A suicide car bomb ripped through an outdoor market in a Shiite-dominated northeastern district of Baghdad
on Tuesday, killing at least 12 people, officials said, as government
forces deployed across much of the Iraqi capital in preparation for a
major military parade later this week. Five more people died in bombings
Tuesday elsewhere in Iraq.
The developments came on the heels of two large-scale attacks claimed by
the Islamic State group that killed more than 300 people last week. On
Monday, visiting U.S. Defense Secretary Ash Carter said Washington will
send 560 more troops to Iraq to help battle IS.
In Tuesday's Baghdad bombing, the explosives-laden pickup truck exploded
during the morning rush hour at a vegetable and fruit market in the
al-Rashidiya district, a police officer said. The blast killed 12 and
wounded up to 37, and also damaged several cars, he added.
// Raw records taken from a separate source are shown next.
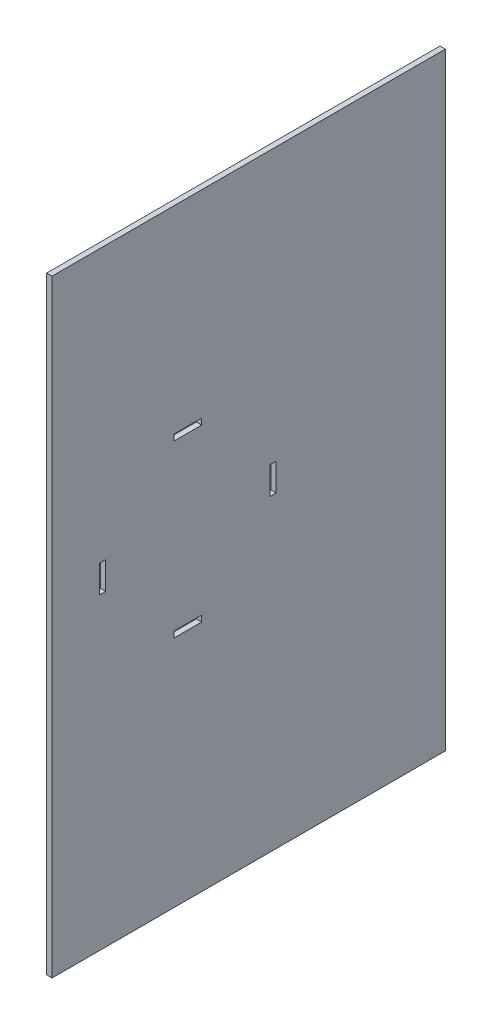
from build123d import *

# Parameters (mm, degrees)
SKETCH1_W           = 110
SKETCH1_H           = 170
SKETCH1_W_2         = 7.7
SKETCH1_H_2         = 1.7
SKETCH1_W_3         = 1.7
SKETCH1_H_3         = 7.7
BOSS_EXTRUDE1_DEPTH = 1.5


with BuildPart() as part:
    # Sketch1 → Boss-Extrude1 (new body)
    with BuildSketch(Plane(origin=(0, 0, 0), x_dir=(0, 0, -1), z_dir=(1, 0, 0))):
        with Locations((55, 85)):
            Rectangle(SKETCH1_W, SKETCH1_H)
        with Locations((38, 113.85042235)):
            Rectangle(SKETCH1_W_2, SKETCH1_H_2, mode=Mode.SUBTRACT)
        with Locations((61.85042235, 90)):
            Rectangle(SKETCH1_W_3, SKETCH1_H_3, mode=Mode.SUBTRACT)
        with Locations((38, 66.14957765)):
            Rectangle(SKETCH1_W_2, SKETCH1_H_2, mode=Mode.SUBTRACT)
        with Locations((14.14957765, 90)):
            Rectangle(SKETCH1_W_3, SKETCH1_H_3, mode=Mode.SUBTRACT)
    extrude(amount=BOSS_EXTRUDE1_DEPTH)


solid = part.part

Elsewhere, a bomb went off at another outdoor market, this one in the
town of Mahmoudiya, about 20 miles (30 kilometers) south of Baghdad,
killing three shoppers and wounding 10 people, police said. And two more
civilians were killed and nine were wounded in a bombing that targeted a
commercial area in the capital's southern neighborhood of Dora, police
also said.
Medical officials confirmed the casualty figures. Both officials spoke
on condition of anonymity as they were not authorized to talk to the
media.
No group immediately claimed responsibility for the attacks, but they
bore the hallmarks of the Islamic State group. The Sunni extremists, who
consider Shiites heretics, swept across northern and western Iraq in
the summer of 2014, capturing large chunks of territory and plunging the
country into its worst crisis since U.S. troops left at the end of
2011.
Last week, IS killed more than 300 people in two attacks. A massive
truck bombing struck a bustling commercial area in a Baghdad's
predominantly Shiite neighborhood of Karada, killing 292 people — one of
the deadliest attacks since the 2003 U.S.-led invasion. And last
Thursday, an attack at a Shiite shrine north of Baghdad killed 37
people.
Iraqi government
forces deployed in most of Baghdad on Tuesday, closing off main roads
and snarling traffic. The Interior Ministry spokesman, Brig. Gen. Saad
Maan, said the troops were "practicing for a planned military parade for
a specific occasion." Maan didn't name the occasion, but the country is
due to mark the anniversary of its 1958 overthrow of a Hashemite
monarchy and the declaration of Iraq as a republic on Thursday.
The recent uptick in IS attacks beyond the front lines demonstrated the
IS group's ability to launch lethal attacks despite recent territorial
losses in both Iraq and Syria,
where it has established a self-proclaimed caliphate. IS militants
still hold pockets of territory in northern and western Iraq.
According to Carter, who on Monday met with top Iraqi officials, the new
American forces should arrive in the coming weeks. They will primarily
be tasked with transforming an air base retaken this month from IS into a
staging hub for the long-awaited battle to recapture Mosul — Iraq's
second-largest city — from Islamic State militants.